• _EXERCISE_
Each line below from the one containing "#108=CARTESIAN_POINT('',(79.863118647298,182.5625,0.));" through the one containing "#139=CARTESIAN_POINT('',(101.6,182.5625,-3.175));" is to be given again exactly, and no line outside that span.

• _SUPPLIED DATA_

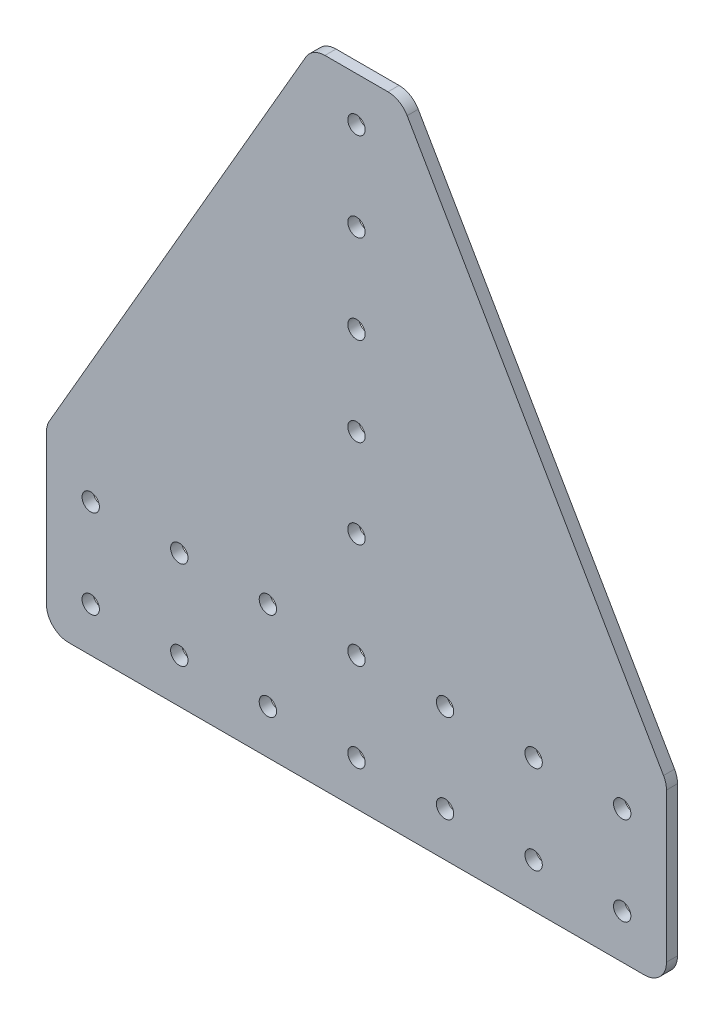
ISO-10303-21;
HEADER;
FILE_DESCRIPTION(('STEP AP214'),'2;1');
FILE_NAME('part.step','',(''),(''),'','','');
FILE_SCHEMA(('AUTOMOTIVE_DESIGN { 1 0 10303 214 1 1 1 1 }'));
ENDSEC;
DATA;
#1=APPLICATION_CONTEXT('core data for automotive mechanical design processes');
#2=APPLICATION_PROTOCOL_DEFINITION('international standard','automotive_design',2000,#1);
#3=PRODUCT_CONTEXT('',#1,'mechanical');
#4=PRODUCT('Part','Part','',(#3));
#5=PRODUCT_RELATED_PRODUCT_CATEGORY('part','',(#4));
#6=PRODUCT_DEFINITION_FORMATION('','',#4);
#7=PRODUCT_DEFINITION_CONTEXT('part definition',#1,'design');
#8=PRODUCT_DEFINITION('design','',#6,#7);
#9=PRODUCT_DEFINITION_SHAPE('','',#8);
#10=(LENGTH_UNIT() NAMED_UNIT(*) SI_UNIT(.MILLI.,.METRE.));
#11=(NAMED_UNIT(*) PLANE_ANGLE_UNIT() SI_UNIT($,.RADIAN.));
#12=(NAMED_UNIT(*) SI_UNIT($,.STERADIAN.) SOLID_ANGLE_UNIT());
#13=UNCERTAINTY_MEASURE_WITH_UNIT(LENGTH_MEASURE(1.E-05),#10,'distance_accuracy_value','');
#14=(GEOMETRIC_REPRESENTATION_CONTEXT(3) GLOBAL_UNCERTAINTY_ASSIGNED_CONTEXT((#13)) GLOBAL_UNIT_ASSIGNED_CONTEXT((#10,
#11,#12)) REPRESENTATION_CONTEXT('',''));
#15=CARTESIAN_POINT('',(0.,0.,0.));
#16=DIRECTION('',(0.,0.,1.));
#17=DIRECTION('',(1.,0.,0.));
#18=AXIS2_PLACEMENT_3D('',#15,#16,#17);
#19=CARTESIAN_POINT('',(0.,0.,-3.175));
#20=DIRECTION('',(1.,0.,0.));
#21=DIRECTION('',(0.,0.,-1.));
#22=AXIS2_PLACEMENT_3D('',#19,#20,#21);
#23=PLANE('',#22);
#24=DIRECTION('',(0.,1.,0.));
#25=VECTOR('',#24,1.);
#26=CARTESIAN_POINT('',(0.,0.,-3.175));
#27=LINE('',#26,#25);
#28=CARTESIAN_POINT('',(0.,6.35,-3.175));
#29=VERTEX_POINT('',#28);
#30=CARTESIAN_POINT('',(0.,49.0960656723805,-3.175));
#31=VERTEX_POINT('',#30);
#32=EDGE_CURVE('E157',#29,#31,#27,.T.);
#33=ORIENTED_EDGE('',*,*,#32,.F.);
#34=DIRECTION('',(0.,0.,1.));
#35=VECTOR('',#34,1.);
#36=CARTESIAN_POINT('',(0.,6.35,-3.175));
#37=LINE('',#36,#35);
#38=CARTESIAN_POINT('',(0.,6.35,0.));
#39=VERTEX_POINT('',#38);
#40=EDGE_CURVE('E141',#29,#39,#37,.T.);
#41=ORIENTED_EDGE('',*,*,#40,.T.);
#42=DIRECTION('',(0.,1.,0.));
#43=VECTOR('',#42,1.);
#44=CARTESIAN_POINT('',(0.,0.,0.));
#45=LINE('',#44,#43);
#46=CARTESIAN_POINT('',(0.,49.0960656723805,0.));
#47=VERTEX_POINT('',#46);
#48=EDGE_CURVE('E154',#39,#47,#45,.T.);
#49=ORIENTED_EDGE('',*,*,#48,.T.);
#50=DIRECTION('',(0.,0.,1.));
#51=VECTOR('',#50,1.);
#52=CARTESIAN_POINT('',(0.,49.0960656723805,-3.175));
#53=LINE('',#52,#51);
#54=EDGE_CURVE('E160',#47,#31,#53,.F.);
#55=ORIENTED_EDGE('',*,*,#54,.T.);
#56=EDGE_LOOP('',(#33,#41,#49,#55));
#57=FACE_BOUND('',#56,.T.);
#58=ADVANCED_FACE('F45',(#57),#23,.F.);
#59=CARTESIAN_POINT('',(0.,50.8,-3.175));
#60=DIRECTION('',(0.865664209780224,-0.500625085174105,0.));
#61=DIRECTION('',(0.500625085174106,0.865664209780224,0.));
#62=AXIS2_PLACEMENT_3D('',#59,#60,#61);
#63=PLANE('',#62);
#64=DIRECTION('',(0.500625085174106,0.865664209780224,0.));
#65=VECTOR('',#64,1.);
#66=CARTESIAN_POINT('',(0.,50.8,-3.175));
#67=LINE('',#66,#65);
#68=CARTESIAN_POINT('',(0.853032267895577,52.2750349632361,-3.175));
#69=VERTEX_POINT('',#68);
#70=CARTESIAN_POINT('',(74.3661509151936,179.391469290856,-3.175));
#71=VERTEX_POINT('',#70);
#72=EDGE_CURVE('E255',#69,#71,#67,.T.);
#73=ORIENTED_EDGE('',*,*,#72,.F.);
#74=DIRECTION('',(0.,0.,1.));
#75=VECTOR('',#74,1.);
#76=CARTESIAN_POINT('',(0.853032267895577,52.2750349632361,-3.175));
#77=LINE('',#76,#75);
#78=CARTESIAN_POINT('',(0.853032267895577,52.2750349632361,0.));
#79=VERTEX_POINT('',#78);
#80=EDGE_CURVE('E11',#69,#79,#77,.T.);
#81=ORIENTED_EDGE('',*,*,#80,.T.);
#82=DIRECTION('',(0.500625085174106,0.865664209780224,0.));
#83=VECTOR('',#82,1.);
#84=CARTESIAN_POINT('',(0.,50.8,0.));
#85=LINE('',#84,#83);
#86=CARTESIAN_POINT('',(74.3661509151936,179.391469290856,0.));
#87=VERTEX_POINT('',#86);
#88=EDGE_CURVE('E166',#79,#87,#85,.T.);
#89=ORIENTED_EDGE('',*,*,#88,.T.);
#90=DIRECTION('',(0.,0.,1.));
#91=VECTOR('',#90,1.);
#92=CARTESIAN_POINT('',(74.3661509151936,179.391469290856,-3.175));
#93=LINE('',#92,#91);
#94=EDGE_CURVE('E54',#87,#71,#93,.F.);
#95=ORIENTED_EDGE('',*,*,#94,.T.);
#96=EDGE_LOOP('',(#73,#81,#89,#95));
#97=FACE_BOUND('',#96,.T.);
#98=ADVANCED_FACE('F254',(#97),#63,.F.);
#99=CARTESIAN_POINT('',(76.2,182.5625,-3.175));
#100=DIRECTION('',(0.,-1.,0.));
#101=DIRECTION('',(0.,0.,-1.));
#102=AXIS2_PLACEMENT_3D('',#99,#100,#101);
#103=PLANE('',#102);
#104=DIRECTION('',(1.,0.,0.));
#105=VECTOR('',#104,1.);
#106=CARTESIAN_POINT('',(76.2,182.5625,0.));
#107=LINE('',#106,#105);
#108=CARTESIAN_POINT('',(79.863118647298,182.5625,0.));
#109=VERTEX_POINT('',#108);
#110=CARTESIAN_POINT('',(97.936881352702,182.5625,0.));
#111=VERTEX_POINT('',#110);
#112=EDGE_CURVE('E172',#109,#111,#107,.T.);
#113=ORIENTED_EDGE('',*,*,#112,.T.);
#114=DIRECTION('',(0.,0.,1.));
#115=VECTOR('',#114,1.);
#116=CARTESIAN_POINT('',(97.936881352702,182.5625,-3.175));
#117=LINE('',#116,#115);
#118=CARTESIAN_POINT('',(97.936881352702,182.5625,-3.175));
#119=VERTEX_POINT('',#118);
#120=EDGE_CURVE('E247',#111,#119,#117,.F.);
#121=ORIENTED_EDGE('',*,*,#120,.T.);
#122=DIRECTION('',(1.,0.,0.));
#123=VECTOR('',#122,1.);
#124=CARTESIAN_POINT('',(76.2,182.5625,-3.175));
#125=LINE('',#124,#123);
#126=CARTESIAN_POINT('',(79.863118647298,182.5625,-3.175));
#127=VERTEX_POINT('',#126);
#128=EDGE_CURVE('E265',#127,#119,#125,.T.);
#129=ORIENTED_EDGE('',*,*,#128,.F.);
#130=DIRECTION('',(0.,0.,1.));
#131=VECTOR('',#130,1.);
#132=CARTESIAN_POINT('',(79.863118647298,182.5625,-3.175));
#133=LINE('',#132,#131);
#134=EDGE_CURVE('E243',#127,#109,#133,.T.);
#135=ORIENTED_EDGE('',*,*,#134,.T.);
#136=EDGE_LOOP('',(#113,#121,#129,#135));
#137=FACE_BOUND('',#136,.T.);
#138=ADVANCED_FACE('F270',(#137),#103,.F.);
#139=CARTESIAN_POINT('',(101.6,182.5625,-3.175));
#140=DIRECTION('',(-0.865664209780224,-0.500625085174105,0.));
#141=DIRECTION('',(0.500625085174105,-0.865664209780224,0.));
#142=AXIS2_PLACEMENT_3D('',#139,#140,#141);
#143=PLANE('',#142);
#144=DIRECTION('',(0.500625085174105,-0.865664209780224,0.));
#145=VECTOR('',#144,1.);
#146=CARTESIAN_POINT('',(101.6,182.5625,0.));
#147=LINE('',#146,#145);
#148=CARTESIAN_POINT('',(103.433849084806,179.391469290856,0.));
#149=VERTEX_POINT('',#148);
#150=CARTESIAN_POINT('',(176.946967732104,52.2750349632361,0.));
#151=VERTEX_POINT('',#150);
#152=EDGE_CURVE('E184',#149,#151,#147,.T.);
#153=ORIENTED_EDGE('',*,*,#152,.T.);
#154=DIRECTION('',(0.,0.,1.));
#155=VECTOR('',#154,1.);
#156=CARTESIAN_POINT('',(176.946967732104,52.2750349632361,-3.175));
#157=LINE('',#156,#155);
#158=CARTESIAN_POINT('',(176.946967732104,52.2750349632361,-3.175));
#159=VERTEX_POINT('',#158);
#160=EDGE_CURVE('E240',#151,#159,#157,.F.);
#161=ORIENTED_EDGE('',*,*,#160,.T.);
#162=DIRECTION('',(0.500625085174105,-0.865664209780224,0.));
#163=VECTOR('',#162,1.);
#164=CARTESIAN_POINT('',(101.6,182.5625,-3.175));
#165=LINE('',#164,#163);
#166=CARTESIAN_POINT('',(103.433849084806,179.391469290856,-3.175));
#167=VERTEX_POINT('',#166);
#168=EDGE_CURVE('E281',#167,#159,#165,.T.);
#169=ORIENTED_EDGE('',*,*,#168,.F.);
#170=DIRECTION('',(0.,0.,1.));
#171=VECTOR('',#170,1.);
#172=CARTESIAN_POINT('',(103.433849084806,179.391469290856,-3.175));
#173=LINE('',#172,#171);
#174=EDGE_CURVE('E236',#167,#149,#173,.T.);
#175=ORIENTED_EDGE('',*,*,#174,.T.);
#176=EDGE_LOOP('',(#153,#161,#169,#175));
#177=FACE_BOUND('',#176,.T.);
#178=ADVANCED_FACE('F279',(#177),#143,.F.);
#179=CARTESIAN_POINT('',(177.8,50.8,-3.175));
#180=DIRECTION('',(-1.,0.,0.));
#181=DIRECTION('',(0.,0.,1.));
#182=AXIS2_PLACEMENT_3D('',#179,#180,#181);
#183=PLANE('',#182);
#184=DIRECTION('',(0.,-1.,0.));
#185=VECTOR('',#184,1.);
#186=CARTESIAN_POINT('',(177.8,50.8,0.));
#187=LINE('',#186,#185);
#188=CARTESIAN_POINT('',(177.8,49.0960656723805,0.));
#189=VERTEX_POINT('',#188);
#190=CARTESIAN_POINT('',(177.8,6.34999999999999,0.));
#191=VERTEX_POINT('',#190);
#192=EDGE_CURVE('E188',#189,#191,#187,.T.);
#193=ORIENTED_EDGE('',*,*,#192,.T.);
#194=DIRECTION('',(0.,0.,1.));
#195=VECTOR('',#194,1.);
#196=CARTESIAN_POINT('',(177.8,6.34999999999999,-3.175));
#197=LINE('',#196,#195);
#198=CARTESIAN_POINT('',(177.8,6.34999999999999,-3.175));
#199=VERTEX_POINT('',#198);
#200=EDGE_CURVE('E61',#191,#199,#197,.F.);
#201=ORIENTED_EDGE('',*,*,#200,.T.);
#202=DIRECTION('',(0.,-1.,0.));
#203=VECTOR('',#202,1.);
#204=CARTESIAN_POINT('',(177.8,50.8,-3.175));
#205=LINE('',#204,#203);
#206=CARTESIAN_POINT('',(177.8,49.0960656723805,-3.175));
#207=VERTEX_POINT('',#206);
#208=EDGE_CURVE('E283',#207,#199,#205,.T.);
#209=ORIENTED_EDGE('',*,*,#208,.F.);
#210=DIRECTION('',(0.,0.,1.));
#211=VECTOR('',#210,1.);
#212=CARTESIAN_POINT('',(177.8,49.0960656723805,-3.175));
#213=LINE('',#212,#211);
#214=EDGE_CURVE('E230',#207,#189,#213,.T.);
#215=ORIENTED_EDGE('',*,*,#214,.T.);
#216=EDGE_LOOP('',(#193,#201,#209,#215));
#217=FACE_BOUND('',#216,.T.);
#218=ADVANCED_FACE('F496',(#217),#183,.F.);
#219=CARTESIAN_POINT('',(177.8,0.,-3.175));
#220=DIRECTION('',(0.,1.,0.));
#221=DIRECTION('',(-1.,0.,0.));
#222=AXIS2_PLACEMENT_3D('',#219,#220,#221);
#223=PLANE('',#222);
#224=DIRECTION('',(-1.,0.,0.));
#225=VECTOR('',#224,1.);
#226=CARTESIAN_POINT('',(177.8,0.,0.));
#227=LINE('',#226,#225);
#228=CARTESIAN_POINT('',(171.45,0.,0.));
#229=VERTEX_POINT('',#228);
#230=CARTESIAN_POINT('',(6.34999999999999,0.,0.));
#231=VERTEX_POINT('',#230);
#232=EDGE_CURVE('E191',#229,#231,#227,.T.);
#233=ORIENTED_EDGE('',*,*,#232,.T.);
#234=DIRECTION('',(0.,0.,1.));
#235=VECTOR('',#234,1.);
#236=CARTESIAN_POINT('',(6.34999999999999,0.,-3.175));
#237=LINE('',#236,#235);
#238=CARTESIAN_POINT('',(6.34999999999999,0.,-3.175));
#239=VERTEX_POINT('',#238);
#240=EDGE_CURVE('E142',#231,#239,#237,.F.);
#241=ORIENTED_EDGE('',*,*,#240,.T.);
#242=DIRECTION('',(-1.,0.,0.));
#243=VECTOR('',#242,1.);
#244=CARTESIAN_POINT('',(177.8,0.,-3.175));
#245=LINE('',#244,#243);
#246=CARTESIAN_POINT('',(171.45,0.,-3.175));
#247=VERTEX_POINT('',#246);
#248=EDGE_CURVE('E178',#247,#239,#245,.T.);
#249=ORIENTED_EDGE('',*,*,#248,.F.);
#250=DIRECTION('',(0.,0.,1.));
#251=VECTOR('',#250,1.);
#252=CARTESIAN_POINT('',(171.45,0.,-3.175));
#253=LINE('',#252,#251);
#254=EDGE_CURVE('E148',#247,#229,#253,.T.);
#255=ORIENTED_EDGE('',*,*,#254,.T.);
#256=EDGE_LOOP('',(#233,#241,#249,#255));
#257=FACE_BOUND('',#256,.T.);
#258=ADVANCED_FACE('F494',(#257),#223,.F.);
#259=CARTESIAN_POINT('',(0.,0.,-3.175));
#260=DIRECTION('',(0.,0.,-1.));
#261=DIRECTION('',(-1.,0.,0.));
#262=AXIS2_PLACEMENT_3D('',#259,#260,#261);
#263=PLANE('',#262);
#264=CARTESIAN_POINT('',(63.5,38.1,-3.175));
#265=DIRECTION('',(0.,0.,1.));
#266=DIRECTION('',(1.,0.,0.));
#267=AXIS2_PLACEMENT_3D('',#264,#265,#266);
#268=CIRCLE('',#267,2.4892);
#269=CARTESIAN_POINT('',(65.9892,38.1,-3.175));
#270=VERTEX_POINT('',#269);
#271=EDGE_CURVE('E384',#270,#270,#268,.T.);
#272=ORIENTED_EDGE('',*,*,#271,.T.);
#273=EDGE_LOOP('',(#272));
#274=FACE_BOUND('',#273,.T.);
#275=CARTESIAN_POINT('',(88.9,38.1,-3.175));
#276=DIRECTION('',(0.,0.,1.));
#277=DIRECTION('',(1.,0.,0.));
#278=AXIS2_PLACEMENT_3D('',#275,#276,#277);
#279=CIRCLE('',#278,2.48919999999999);
#280=CARTESIAN_POINT('',(91.3892,38.1,-3.175));
#281=VERTEX_POINT('',#280);
#282=EDGE_CURVE('E376',#281,#281,#279,.T.);
#283=ORIENTED_EDGE('',*,*,#282,.T.);
#284=EDGE_LOOP('',(#283));
#285=FACE_BOUND('',#284,.T.);
#286=CARTESIAN_POINT('',(114.3,38.1,-3.175));
#287=DIRECTION('',(0.,0.,1.));
#288=DIRECTION('',(1.,0.,0.));
#289=AXIS2_PLACEMENT_3D('',#286,#287,#288);
#290=CIRCLE('',#289,2.4892);
#291=CARTESIAN_POINT('',(116.7892,38.1,-3.175));
#292=VERTEX_POINT('',#291);
#293=EDGE_CURVE('E368',#292,#292,#290,.T.);
#294=ORIENTED_EDGE('',*,*,#293,.T.);
#295=EDGE_LOOP('',(#294));
#296=FACE_BOUND('',#295,.T.);
#297=CARTESIAN_POINT('',(139.7,38.1,-3.175));
#298=DIRECTION('',(0.,0.,1.));
#299=DIRECTION('',(1.,0.,0.));
#300=AXIS2_PLACEMENT_3D('',#297,#298,#299);
#301=CIRCLE('',#300,2.4892);
#302=CARTESIAN_POINT('',(142.1892,38.1,-3.175));
#303=VERTEX_POINT('',#302);
#304=EDGE_CURVE('E359',#303,#303,#301,.T.);
#305=ORIENTED_EDGE('',*,*,#304,.T.);
#306=EDGE_LOOP('',(#305));
#307=FACE_BOUND('',#306,.T.);
#308=CARTESIAN_POINT('',(165.1,38.1,-3.175));
#309=DIRECTION('',(0.,0.,1.));
#310=DIRECTION('',(1.,0.,0.));
#311=AXIS2_PLACEMENT_3D('',#308,#309,#310);
#312=CIRCLE('',#311,2.4892);
#313=CARTESIAN_POINT('',(167.5892,38.1,-3.175));
#314=VERTEX_POINT('',#313);
#315=EDGE_CURVE('E416',#314,#314,#312,.T.);
#316=ORIENTED_EDGE('',*,*,#315,.T.);
#317=EDGE_LOOP('',(#316));
#318=FACE_BOUND('',#317,.T.);
#319=CARTESIAN_POINT('',(12.7,38.1,-3.175));
#320=DIRECTION('',(0.,0.,1.));
#321=DIRECTION('',(1.,0.,0.));
#322=AXIS2_PLACEMENT_3D('',#319,#320,#321);
#323=CIRCLE('',#322,2.4892);
#324=CARTESIAN_POINT('',(15.1892,38.1,-3.175));
#325=VERTEX_POINT('',#324);
#326=EDGE_CURVE('E408',#325,#325,#323,.T.);
#327=ORIENTED_EDGE('',*,*,#326,.T.);
#328=EDGE_LOOP('',(#327));
#329=FACE_BOUND('',#328,.T.);
#330=CARTESIAN_POINT('',(88.9,144.4625,-3.175));
#331=DIRECTION('',(0.,0.,1.));
#332=DIRECTION('',(1.,0.,0.));
#333=AXIS2_PLACEMENT_3D('',#330,#331,#332);
#334=CIRCLE('',#333,2.48920000000001);
#335=CARTESIAN_POINT('',(91.3892,144.4625,-3.175));
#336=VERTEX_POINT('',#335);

• _SOLUTION_
#108=CARTESIAN_POINT('',(79.863118647298,182.5625,0.));
#109=VERTEX_POINT('',#108);
#110=CARTESIAN_POINT('',(97.936881352702,182.5625,0.));
#111=VERTEX_POINT('',#110);
#112=EDGE_CURVE('E172',#109,#111,#107,.T.);
#113=ORIENTED_EDGE('',*,*,#112,.T.);
#114=DIRECTION('',(0.,0.,1.));
#115=VECTOR('',#114,1.);
#116=CARTESIAN_POINT('',(97.936881352702,182.5625,-3.175));
#117=LINE('',#116,#115);
#118=CARTESIAN_POINT('',(97.936881352702,182.5625,-3.175));
#119=VERTEX_POINT('',#118);
#120=EDGE_CURVE('E247',#111,#119,#117,.F.);
#121=ORIENTED_EDGE('',*,*,#120,.T.);
#122=DIRECTION('',(1.,0.,0.));
#123=VECTOR('',#122,1.);
#124=CARTESIAN_POINT('',(76.2,182.5625,-3.175));
#125=LINE('',#124,#123);
#126=CARTESIAN_POINT('',(79.863118647298,182.5625,-3.175));
#127=VERTEX_POINT('',#126);
#128=EDGE_CURVE('E265',#127,#119,#125,.T.);
#129=ORIENTED_EDGE('',*,*,#128,.F.);
#130=DIRECTION('',(0.,0.,1.));
#131=VECTOR('',#130,1.);
#132=CARTESIAN_POINT('',(79.863118647298,182.5625,-3.175));
#133=LINE('',#132,#131);
#134=EDGE_CURVE('E243',#127,#109,#133,.T.);
#135=ORIENTED_EDGE('',*,*,#134,.T.);
#136=EDGE_LOOP('',(#113,#121,#129,#135));
#137=FACE_BOUND('',#136,.T.);
#138=ADVANCED_FACE('F270',(#137),#103,.F.);
#139=CARTESIAN_POINT('',(101.6,182.5625,-3.175));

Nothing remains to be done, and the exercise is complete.